**TASK INPUTS**
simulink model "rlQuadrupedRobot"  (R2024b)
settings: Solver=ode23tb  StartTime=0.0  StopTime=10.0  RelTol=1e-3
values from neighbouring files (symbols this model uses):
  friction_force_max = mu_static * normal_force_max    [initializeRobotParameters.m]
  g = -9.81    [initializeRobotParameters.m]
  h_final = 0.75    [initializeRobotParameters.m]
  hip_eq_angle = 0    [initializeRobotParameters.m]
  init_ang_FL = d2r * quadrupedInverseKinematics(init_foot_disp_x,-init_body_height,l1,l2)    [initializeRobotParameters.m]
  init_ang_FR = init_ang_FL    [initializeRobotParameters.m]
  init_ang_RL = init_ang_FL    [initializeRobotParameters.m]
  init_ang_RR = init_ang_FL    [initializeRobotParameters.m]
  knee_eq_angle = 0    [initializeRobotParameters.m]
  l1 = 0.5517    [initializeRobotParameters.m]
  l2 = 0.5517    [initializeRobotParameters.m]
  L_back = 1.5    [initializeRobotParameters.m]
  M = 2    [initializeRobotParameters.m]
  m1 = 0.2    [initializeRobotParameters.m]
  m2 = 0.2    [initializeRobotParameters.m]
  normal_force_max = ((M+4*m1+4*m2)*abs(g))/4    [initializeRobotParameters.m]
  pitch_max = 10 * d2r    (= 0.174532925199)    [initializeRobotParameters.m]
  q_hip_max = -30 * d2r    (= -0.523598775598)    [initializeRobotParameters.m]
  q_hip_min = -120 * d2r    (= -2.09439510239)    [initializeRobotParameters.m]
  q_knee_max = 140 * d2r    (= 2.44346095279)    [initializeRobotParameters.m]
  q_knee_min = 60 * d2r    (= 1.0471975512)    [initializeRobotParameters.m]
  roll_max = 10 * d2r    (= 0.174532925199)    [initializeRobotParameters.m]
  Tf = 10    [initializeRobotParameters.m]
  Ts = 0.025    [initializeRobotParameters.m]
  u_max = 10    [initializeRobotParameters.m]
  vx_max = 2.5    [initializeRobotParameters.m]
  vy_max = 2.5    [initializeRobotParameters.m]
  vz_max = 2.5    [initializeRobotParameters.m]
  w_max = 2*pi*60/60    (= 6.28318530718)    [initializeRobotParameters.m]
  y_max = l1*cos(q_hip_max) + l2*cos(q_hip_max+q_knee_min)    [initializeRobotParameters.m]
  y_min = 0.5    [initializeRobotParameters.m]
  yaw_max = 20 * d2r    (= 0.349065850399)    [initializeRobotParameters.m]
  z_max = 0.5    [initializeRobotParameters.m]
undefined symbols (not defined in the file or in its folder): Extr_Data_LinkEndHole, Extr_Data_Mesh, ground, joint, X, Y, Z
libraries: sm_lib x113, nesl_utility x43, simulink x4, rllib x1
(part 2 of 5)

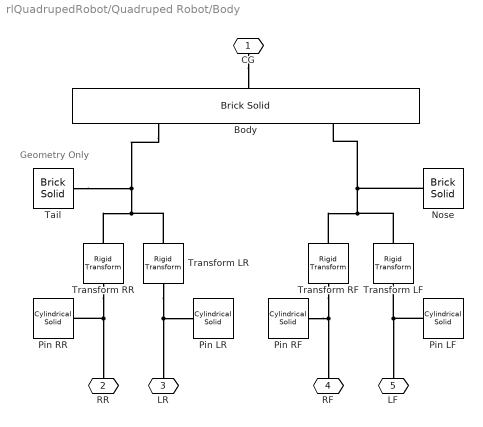
== system rlQuadrupedRobot/Quadruped Robot/Body ==
  note: Geometry Only
  Body : sm_lib/Body Elements/Brick Solid  BrickDimensions=[1 0.1 0.1]*L_back  BrickDimensionsUnits=m  ExportEntireGeometry=off  InertiaType=Custom  BasedOnType=Density  Density=1000  DensityUnits=kg/m^3  Mass=M  MassUnits=kg  CenterOfMass=[0 0 0]  CenterOfMassUnits=m  MomentsOfInertia=torso_MOI  MomentsOfInertiaUnits=kg*m^2  ProductsOfInertia=[1 1 1]*0  ProductsOfInertiaUnits=kg*m^2  GraphicType=FromGeometry  MarkerShape=Sphere  MarkerSize=10  GraphicVisPropType=SimpleVisualProperties  GraphicDiffuseColor=[164 184 200]/255  GraphicOpacity=1.0  GraphicSpecularColor=[0.5 0.5 0.5 1.0]  GraphicAmbientColor=[0.15 0.15 0.15 1.0]  GraphicEmissiveColor=[0.0 0.0 0.0 1.0]  GraphicShininess=75  DoExposeReferenceFrame=on  SerializedFrames=<Frames><Frame><Id>Frame1</Id><Value><Name>B</Name><Origin><Source>GeometricFeature</Source><FeatureName>-x surface</FeatureName></Origin><PrimaryAxis><DefinedDirection>+Z</DefinedDirection><Source>ReferenceFrame</Source><SourceDirection>+Z</SourceDirection><FeatureName></FeatureName></PrimaryAxis><SecondaryAxis><DefinedDirection>+X</DefinedDirection><Source>ReferenceFrame</Source><SourceDirection>+X</SourceDirection><FeatureName></FeatureName></SecondaryAxis></Value></Frame><Frame><Id>Frame2</Id><Value><Name>F</Name><Origin><Source>GeometricFeature</Source><FeatureName>+x surface</FeatureName></Origin><PrimaryAxis><DefinedDirection>+Z</DefinedDirection><Source>ReferenceFrame</Source><SourceDirection>+Z</SourceDirection><FeatureName></FeatureName></PrimaryAxis><SecondaryAxis><DefinedDirection>+X</DefinedDirection><Source>ReferenceFrame</Source><SourceDirection>+X</SourceDirection><FeatureName></FeatureName></SecondaryAxis></Value></Frame></Frames>
  Nose : sm_lib/Body Elements/Brick Solid  BrickDimensions=[0.05 0.1 0.1]*L_back  BrickDimensionsUnits=m  ExportEntireGeometry=off  InertiaType=CalculateFromGeometry  BasedOnType=Density  Density=0  DensityUnits=kg/m^3  Mass=1  MassUnits=kg  CenterOfMass=[0 0 0]  CenterOfMassUnits=m  MomentsOfInertia=[1 1 1]  MomentsOfInertiaUnits=kg*m^2  ProductsOfInertia=[1 1 1]  ProductsOfInertiaUnits=kg*m^2  GraphicType=FromGeometry  MarkerShape=Sphere  MarkerSize=10  GraphicVisPropType=SimpleVisualProperties  GraphicDiffuseColor=[164 184 200]/255  GraphicOpacity=1.0  GraphicSpecularColor=[0.5 0.5 0.5 1.0]  GraphicAmbientColor=[0.15 0.15 0.15 1.0]  GraphicEmissiveColor=[0.0 0.0 0.0 1.0]  GraphicShininess=75  DoExposeReferenceFrame=off  SerializedFrames=<Frames><Frame><Id>Frame1</Id><Value><Name>B</Name><Origin><Source>GeometricFeature</Source><FeatureName>-x surface</FeatureName></Origin><PrimaryAxis><DefinedDirection>+Z</DefinedDirection><Source>ReferenceFrame</Source><SourceDirection>+Z</SourceDirection><FeatureName></FeatureName></PrimaryAxis><SecondaryAxis><DefinedDirection>+X</DefinedDirection><Source>ReferenceFrame</Source><SourceDirection>+X</SourceDirection><FeatureName></FeatureName></SecondaryAxis></Value></Frame></Frames>
  Pin LF : sm_lib/Body Elements/Cylindrical Solid  CylinderRadius=0.025*l1  CylinderRadiusUnits=m  CylinderLength=0.1*l1  CylinderLengthUnits=m  ExportEntireGeometry=off  InertiaType=CalculateFromGeometry  BasedOnType=Density  Density=0  DensityUnits=kg/m^3  Mass=1  MassUnits=kg  CenterOfMass=[0 0 0]  CenterOfMassUnits=m  MomentsOfInertia=[1 1 1]  MomentsOfInertiaUnits=kg*m^2  ProductsOfInertia=[1 1 1]  ProductsOfInertiaUnits=kg*m^2  GraphicType=FromGeometry  MarkerShape=Sphere  MarkerSize=10  GraphicVisPropType=SimpleVisualProperties  GraphicDiffuseColor=[164 184 200]/255  GraphicOpacity=1.0  GraphicSpecularColor=[0.5 0.5 0.5 1.0]  GraphicAmbientColor=[0.15 0.15 0.15 1.0]  GraphicEmissiveColor=[0.0 0.0 0.0 1.0]  GraphicShininess=75  DoExposeReferenceFrame=off  SerializedFrames=<Frames><Frame><Id>Frame1</Id><Value><Name>F</Name><Origin><Source>GeometricFeature</Source><FeatureName>top surface</FeatureName></Origin><PrimaryAxis><DefinedDirection>+Z</DefinedDirection><Source>ReferenceFrame</Source><SourceDirection>+Z</SourceDirection><FeatureName></FeatureName></PrimaryAxis><SecondaryAxis><DefinedDirection>+X</DefinedDirection><Source>ReferenceFrame</Source><SourceDirection>+X</SourceDirection><FeatureName></FeatureName></SecondaryAxis></Value></Frame><Frame><Id>Frame2</Id><Value><Name>B</Name><Origin><Source>GeometricFeature</Source><FeatureName>bottom surface</FeatureName></Origin><PrimaryAxis><DefinedDirection>+Z</DefinedDirection><Source>ReferenceFrame</Source><SourceDirection>+Z</SourceDirection><FeatureName></FeatureName></PrimaryAxis><SecondaryAxis><DefinedDirection>+X</DefinedDirection><Source>ReferenceFrame</Source><SourceDirection>+X</SourceDirection><FeatureName></FeatureName></SecondaryAxis></Value></Frame></Frames>
  Pin LR : sm_lib/Body Elements/Cylindrical Solid  CylinderRadius=0.025*l1  CylinderRadiusUnits=m  CylinderLength=0.1*l1  CylinderLengthUnits=m  ExportEntireGeometry=off  InertiaType=CalculateFromGeometry  BasedOnType=Density  Density=0  DensityUnits=kg/m^3  Mass=1  MassUnits=kg  CenterOfMass=[0 0 0]  CenterOfMassUnits=m  MomentsOfInertia=[1 1 1]  MomentsOfInertiaUnits=kg*m^2  ProductsOfInertia=[1 1 1]  ProductsOfInertiaUnits=kg*m^2  GraphicType=FromGeometry  MarkerShape=Sphere  MarkerSize=10  GraphicVisPropType=SimpleVisualProperties  GraphicDiffuseColor=[164 184 200]/255  GraphicOpacity=1.0  GraphicSpecularColor=[0.5 0.5 0.5 1.0]  GraphicAmbientColor=[0.15 0.15 0.15 1.0]  GraphicEmissiveColor=[0.0 0.0 0.0 1.0]  GraphicShininess=75  DoExposeReferenceFrame=off  SerializedFrames=<Frames><Frame><Id>Frame1</Id><Value><Name>F</Name><Origin><Source>GeometricFeature</Source><FeatureName>top surface</FeatureName></Origin><PrimaryAxis><DefinedDirection>+Z</DefinedDirection><Source>ReferenceFrame</Source><SourceDirection>+Z</SourceDirection><FeatureName></FeatureName></PrimaryAxis><SecondaryAxis><DefinedDirection>+X</DefinedDirection><Source>ReferenceFrame</Source><SourceDirection>+X</SourceDirection><FeatureName></FeatureName></SecondaryAxis></Value></Frame><Frame><Id>Frame2</Id><Value><Name>B</Name><Origin><Source>GeometricFeature</Source><FeatureName>bottom surface</FeatureName></Origin><PrimaryAxis><DefinedDirection>+Z</DefinedDirection><Source>ReferenceFrame</Source><SourceDirection>+Z</SourceDirection><FeatureName></FeatureName></PrimaryAxis><SecondaryAxis><DefinedDirection>+X</DefinedDirection><Source>ReferenceFrame</Source><SourceDirection>+X</SourceDirection><FeatureName></FeatureName></SecondaryAxis></Value></Frame></Frames>
  Pin RF : sm_lib/Body Elements/Cylindrical Solid  CylinderRadius=0.025*l1  CylinderRadiusUnits=m  CylinderLength=0.1*l1  CylinderLengthUnits=m  ExportEntireGeometry=off  InertiaType=CalculateFromGeometry  BasedOnType=Density  Density=0  DensityUnits=kg/m^3  Mass=1  MassUnits=kg  CenterOfMass=[0 0 0]  CenterOfMassUnits=m  MomentsOfInertia=[1 1 1]  MomentsOfInertiaUnits=kg*m^2  ProductsOfInertia=[1 1 1]  ProductsOfInertiaUnits=kg*m^2  GraphicType=FromGeometry  MarkerShape=Sphere  MarkerSize=10  GraphicVisPropType=SimpleVisualProperties  GraphicDiffuseColor=[164 184 200]/255  GraphicOpacity=1.0  GraphicSpecularColor=[0.5 0.5 0.5 1.0]  GraphicAmbientColor=[0.15 0.15 0.15 1.0]  GraphicEmissiveColor=[0.0 0.0 0.0 1.0]  GraphicShininess=75  DoExposeReferenceFrame=off  SerializedFrames=<Frames><Frame><Id>Frame1</Id><Value><Name>F</Name><Origin><Source>GeometricFeature</Source><FeatureName>top surface</FeatureName></Origin><PrimaryAxis><DefinedDirection>+Z</DefinedDirection><Source>ReferenceFrame</Source><SourceDirection>+Z</SourceDirection><FeatureName></FeatureName></PrimaryAxis><SecondaryAxis><DefinedDirection>+X</DefinedDirection><Source>ReferenceFrame</Source><SourceDirection>+X</SourceDirection><FeatureName></FeatureName></SecondaryAxis></Value></Frame><Frame><Id>Frame2</Id><Value><Name>B</Name><Origin><Source>GeometricFeature</Source><FeatureName>bottom surface</FeatureName></Origin><PrimaryAxis><DefinedDirection>+Z</DefinedDirection><Source>ReferenceFrame</Source><SourceDirection>+Z</SourceDirection><FeatureName></FeatureName></PrimaryAxis><SecondaryAxis><DefinedDirection>+X</DefinedDirection><Source>ReferenceFrame</Source><SourceDirection>+X</SourceDirection><FeatureName></FeatureName></SecondaryAxis></Value></Frame></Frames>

**WHAT IS EXPECTED**
Your answer should consist solely of the lines above from the line with "friction_force_max = mu_static" to the line with "hip_eq_angle = 0", both included, reproduced exactly.

**TASK RESPONSE**
  friction_force_max = mu_static * normal_force_max    [initializeRobotParameters.m]
  g = -9.81    [initializeRobotParameters.m]
  h_final = 0.75    [initializeRobotParameters.m]
  hip_eq_angle = 0    [initializeRobotParameters.m]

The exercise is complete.